Exercise goal = Should pictures appear among the records, leave them out, and copy exactly only the lines from the first through the one with "p = next((c", inclusive.

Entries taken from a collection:

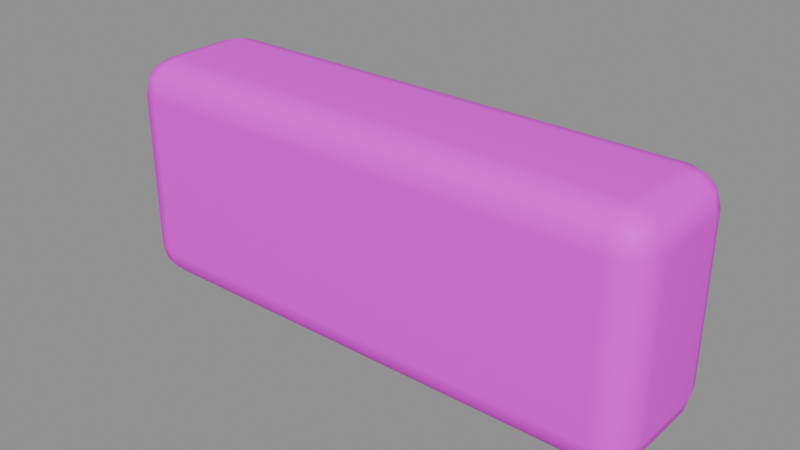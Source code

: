# Source: parapet.blend  (saved by Blender 5.2.45; exported with 4.5.12 LTS)
import bpy
from mathutils import Matrix  # noqa: F401  (used for matrix-valued properties, if any)

bpy.ops.wm.read_factory_settings(use_empty=True)
scene = bpy.context.scene
scene.name = '白花台矮墙'

# ---- collections
col_sea_scene_sbr_parapet = bpy.data.collections.new('SEA-SCENE-SBR-PARAPET'); scene.collection.children.link(col_sea_scene_sbr_parapet)

# ---- images (referenced by path relative to the original .blend; pixels are not part of the script)
import os
ASSET_DIR = os.environ.get("B2B_ASSET_DIR", "")  # directory of the original .blend (textures are referenced by path, not embedded)
HERE = os.path.dirname(os.path.abspath(__file__))  # packed textures are extracted next to this script under _unpacked/

def load_image(name, relpath, width, height, colorspace="sRGB"):
    """Load a texture the original file referenced (path relative to the .blend, or extracted next to this script)."""
    p = next((c for c in (os.path.join(HERE, relpath), os.path.join(ASSET_DIR, relpath)) if relpath and os.path.exists(c)), "")
    if p:
        img = bpy.data.images.load(p, check_existing=True)
        img.name = name
    else:  # same state as the original file: an image datablock whose file is absent (Cycles renders it pink)
        img = bpy.data.images.new(name, width, height)
        img.source = "FILE"
        img.filepath = "//" + (relpath or name)
    img.colorspace_settings.name = colorspace
    return img
img_sea_cozy_8x8_512_png = load_image('sea_cozy_8x8_512.png', 'sea_cozy_8x8_512.png', 1024, 1024, 'sRGB')

# ---- materials (node trees are filled in below, after node groups)
mat_sea_matte = bpy.data.materials.new('SEA_Matte')

# ---- material node trees
mat_sea_matte.use_nodes = True; mat_sea_matte.node_tree.nodes.clear()
_N = mat_sea_matte.node_tree.nodes; _L = mat_sea_matte.node_tree.links
n0 = _N.new('ShaderNodeUVMap'); n0.name = 'UV Map'; n0.location = (0, 0)
n0.width = 160
n0.uv_map = 'PaletteUV'
n1 = _N.new('ShaderNodeTexImage'); n1.name = 'Image Texture'; n1.location = (0, 0)
n1.image = img_sea_cozy_8x8_512_png
n1.interpolation = 'Closest'
n2 = _N.new('ShaderNodeBsdfPrincipled'); n2.name = 'Principled BSDF'; n2.location = (0, 0)
n2.inputs[2].default_value = 0.62
n2.inputs[10].default_value = 0.005
n2.inputs[13].default_value = 0.25
n3 = _N.new('ShaderNodeOutputMaterial'); n3.name = 'Material Output'; n3.location = (0, 0)
n4 = _N.new('ShaderNodeHueSaturation'); n4.name = 'Hue/Saturation/Value'; n4.location = (0, 0)
n4.width = 160
n5 = _N.new('ShaderNodeSeparateXYZ'); n5.name = 'Separate XYZ'; n5.location = (0, 0)
n6 = _N.new('ShaderNodeMath'); n6.name = 'Math'; n6.location = (0, 0)
n6.operation = 'MULTIPLY'
n6.inputs[1].default_value = 8.0
n7 = _N.new('ShaderNodeMath'); n7.name = 'Math.001'; n7.location = (0, 0)
n7.operation = 'FLOOR'
n8 = _N.new('ShaderNodeMath'); n8.name = 'Math.002'; n8.location = (0, 0)
n8.operation = 'COMPARE'
n8.inputs[1].default_value = 5.0
n8.inputs[2].default_value = 0.01
n9 = _N.new('ShaderNodeMath'); n9.name = 'Math.003'; n9.location = (0, 0)
n9.operation = 'MULTIPLY'
n9.inputs[1].default_value = 8.0
n10 = _N.new('ShaderNodeMath'); n10.name = 'Math.004'; n10.location = (0, 0)
n10.operation = 'FLOOR'
n11 = _N.new('ShaderNodeMath'); n11.name = 'Math.005'; n11.location = (0, 0)
n11.operation = 'COMPARE'
n11.inputs[1].default_value = 5.0
n11.inputs[2].default_value = 0.01
n12 = _N.new('ShaderNodeMath'); n12.name = 'Math.006'; n12.location = (0, 0)
n12.operation = 'MULTIPLY'
n13 = _N.new('ShaderNodeMath'); n13.name = 'Math.007'; n13.location = (0, 0)
n13.operation = 'MULTIPLY_ADD'
n13.inputs[1].default_value = 0.02
n14 = _N.new('ShaderNodeMath'); n14.name = 'Math.008'; n14.location = (0, 0)
n14.operation = 'MULTIPLY_ADD'
n14.inputs[1].default_value = -0.18
n14.inputs[2].default_value = 1.12
_L.new(n0.outputs[0], n1.inputs[0])
_L.new(n1.outputs[0], n4.inputs[4])
_L.new(n4.outputs[0], n2.inputs[0])
_L.new(n2.outputs[0], n3.inputs[0])
_L.new(n0.outputs[0], n5.inputs[0])
_L.new(n5.outputs[0], n6.inputs[0])
_L.new(n6.outputs[0], n7.inputs[0])
_L.new(n7.outputs[0], n8.inputs[0])
_L.new(n5.outputs[1], n9.inputs[0])
_L.new(n9.outputs[0], n10.inputs[0])
_L.new(n10.outputs[0], n11.inputs[0])
_L.new(n8.outputs[0], n12.inputs[0])
_L.new(n11.outputs[0], n12.inputs[1])
_L.new(n12.outputs[0], n13.inputs[0])
_L.new(n13.outputs[0], n4.inputs[0])
_L.new(n12.outputs[0], n14.inputs[0])
_L.new(n14.outputs[0], n4.inputs[1])
n3.is_active_output = True

# ---- meshes
me_cube_026 = bpy.data.meshes.new('Cube.026')
me_cube_026.from_pydata([(-0.505, -0.08, 0.0), (-0.505, -0.15, 0.07), (-0.575, -0.08, 0.07), (-0.505, -0.115, 0.009352), (-0.54, -0.08, 0.009352), (-0.5385, -0.1135, 0.01844), (-0.54, -0.1406, 0.07), (-0.505, -0.1406, 0.03505), (-0.5385, -0.1316, 0.03653), (-0.5656, -0.08, 0.03505), (-0.5656, -0.115, 0.07), (-0.5566, -0.1135, 0.03653), (-0.505, -0.15, 0.41), (-0.505, -0.08, 0.48), (-0.575, -0.08, 0.41), (-0.505, -0.1406, 0.445), (-0.54, -0.1406, 0.41), (-0.5385, -0.1316, 0.4435), (-0.54, -0.08, 0.4706), (-0.505, -0.115, 0.4706), (-0.5385, -0.1135, 0.4616), (-0.5656, -0.115, 0.41), (-0.5656, -0.08, 0.445), (-0.5566, -0.1135, 0.4435), (-0.505, 0.08, 0.0), (-0.575, 0.08, 0.07), (-0.505, 0.15, 0.07), (-0.54, 0.08, 0.009352), (-0.505, 0.115, 0.009352), (-0.5385, 0.1135, 0.01844), (-0.5656, 0.115, 0.07), (-0.5656, 0.08, 0.03505), (-0.5566, 0.1135, 0.03653), (-0.505, 0.1406, 0.03505), (-0.54, 0.1406, 0.07), (-0.5385, 0.1316, 0.03653), (-0.505, 0.08, 0.48), (-0.505, 0.15, 0.41), (-0.575, 0.08, 0.41), (-0.505, 0.115, 0.4706), (-0.54, 0.08, 0.4706), (-0.5385, 0.1135, 0.4616), (-0.54, 0.1406, 0.41), (-0.505, 0.1406, 0.445), (-0.5385, 0.1316, 0.4435), (-0.5656, 0.08, 0.445), (-0.5656, 0.115, 0.41), (-0.5566, 0.1135, 0.4435), (0.505, -0.08, 0.0), (0.575, -0.08, 0.07), (0.505, -0.15, 0.07), (0.54, -0.08, 0.009352), (0.505, -0.115, 0.009352), (0.5385, -0.1135, 0.01844), (0.5656, -0.115, 0.07), (0.5656, -0.08, 0.03505), (0.5566, -0.1135, 0.03653), (0.505, -0.1406, 0.03505), (0.54, -0.1406, 0.07), (0.5385, -0.1316, 0.03653), (0.505, -0.08, 0.48), (0.505, -0.15, 0.41), (0.575, -0.08, 0.41), (0.505, -0.115, 0.4706), (0.54, -0.08, 0.4706), (0.5385, -0.1135, 0.4616), (0.54, -0.1406, 0.41), (0.505, -0.1406, 0.445), (0.5385, -0.1316, 0.4435), (0.5656, -0.08, 0.445), (0.5656, -0.115, 0.41), (0.5566, -0.1135, 0.4435), (0.505, 0.08, 0.0), (0.505, 0.15, 0.07), (0.575, 0.08, 0.07), (0.505, 0.115, 0.009352), (0.54, 0.08, 0.009352), (0.5385, 0.1135, 0.01844), (0.54, 0.1406, 0.07), (0.505, 0.1406, 0.03505), (0.5385, 0.1316, 0.03653), (0.5656, 0.08, 0.03505), (0.5656, 0.115, 0.07), (0.5566, 0.1135, 0.03653), (0.505, 0.08, 0.48), (0.575, 0.08, 0.41), (0.505, 0.15, 0.41), (0.54, 0.08, 0.4706), (0.505, 0.115, 0.4706), (0.5385, 0.1135, 0.4616), (0.5656, 0.115, 0.41), (0.5656, 0.08, 0.445), (0.5566, 0.1135, 0.4435), (0.505, 0.1406, 0.445), (0.54, 0.1406, 0.41), (0.5385, 0.1316, 0.4435)], [], [(0, 3, 5, 4), (3, 7, 8, 5), (1, 6, 8, 7), (6, 10, 11, 8), (2, 9, 11, 10), (9, 4, 5, 11), (5, 8, 11), (12, 15, 17, 16), (15, 19, 20, 17), (13, 18, 20, 19), (18, 22, 23, 20), (14, 21, 23, 22), (21, 16, 17, 23), (17, 20, 23), (24, 27, 29, 28), (27, 31, 32, 29), (25, 30, 32, 31), (30, 34, 35, 32), (26, 33, 35, 34), (33, 28, 29, 35), (29, 32, 35), (36, 39, 41, 40), (39, 43, 44, 41), (37, 42, 44, 43), (42, 46, 47, 44), (38, 45, 47, 46), (45, 40, 41, 47), (41, 44, 47), (48, 51, 53, 52), (51, 55, 56, 53), (49, 54, 56, 55), (54, 58, 59, 56), (50, 57, 59, 58), (57, 52, 53, 59), (53, 56, 59), (60, 63, 65, 64), (63, 67, 68, 65), (61, 66, 68, 67), (66, 70, 71, 68), (62, 69, 71, 70), (69, 64, 65, 71), (65, 68, 71), (72, 75, 77, 76), (75, 79, 80, 77), (73, 78, 80, 79), (78, 82, 83, 80), (74, 81, 83, 82), (81, 76, 77, 83), (77, 80, 83), (84, 87, 89, 88), (87, 91, 92, 89), (85, 90, 92, 91), (90, 94, 95, 92), (86, 93, 95, 94), (93, 88, 89, 95), (89, 92, 95), (24, 0, 4, 27), (27, 4, 9, 31), (31, 9, 2, 25), (1, 12, 16, 6), (6, 16, 21, 10), (10, 21, 14, 2), (13, 36, 40, 18), (18, 40, 45, 22), (22, 45, 38, 14), (37, 26, 34, 42), (42, 34, 30, 46), (46, 30, 25, 38), (72, 24, 28, 75), (75, 28, 33, 79), (79, 33, 26, 73), (36, 84, 88, 39), (39, 88, 93, 43), (43, 93, 86, 37), (85, 74, 82, 90), (90, 82, 78, 94), (94, 78, 73, 86), (48, 72, 76, 51), (51, 76, 81, 55), (55, 81, 74, 49), (84, 60, 64, 87), (87, 64, 69, 91), (91, 69, 62, 85), (61, 50, 58, 66), (66, 58, 54, 70), (70, 54, 49, 62), (0, 48, 52, 3), (3, 52, 57, 7), (7, 57, 50, 1), (60, 13, 19, 63), (63, 19, 15, 67), (67, 15, 12, 61), (24, 72, 48, 0), (2, 14, 38, 25), (50, 61, 12, 1), (84, 36, 13, 60), (26, 37, 86, 73), (74, 85, 62, 49)])
me_cube_026.polygons.foreach_set('use_smooth', [True] * 98)
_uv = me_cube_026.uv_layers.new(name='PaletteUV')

Solved exercise =
Source code

:# Source: parapet.blend  (saved by Blender 5.2.45; exported with 4.5.12 LTS)
import bpy
from mathutils import Matrix  # noqa: F401  (used for matrix-valued properties, if any)

bpy.ops.wm.read_factory_settings(use_empty=True)
scene = bpy.context.scene
scene.name = '白花台矮墙'

# ---- collections
col_sea_scene_sbr_parapet = bpy.data.collections.new('SEA-SCENE-SBR-PARAPET'); scene.collection.children.link(col_sea_scene_sbr_parapet)

# ---- images (referenced by path relative to the original .blend; pixels are not part of the script)
import os
ASSET_DIR = os.environ.get("B2B_ASSET_DIR", "")  # directory of the original .blend (textures are referenced by path, not embedded)
HERE = os.path.dirname(os.path.abspath(__file__))  # packed textures are extracted next to this script under _unpacked/

def load_image(name, relpath, width, height, colorspace="sRGB"):
    """Load a texture the original file referenced (path relative to the .blend, or extracted next to this script)."""
    p = next((c for c in (os.path.join(HERE, relpath), os.path.join(ASSET_DIR, relpath)) if relpath and os.path.exists(c)), "")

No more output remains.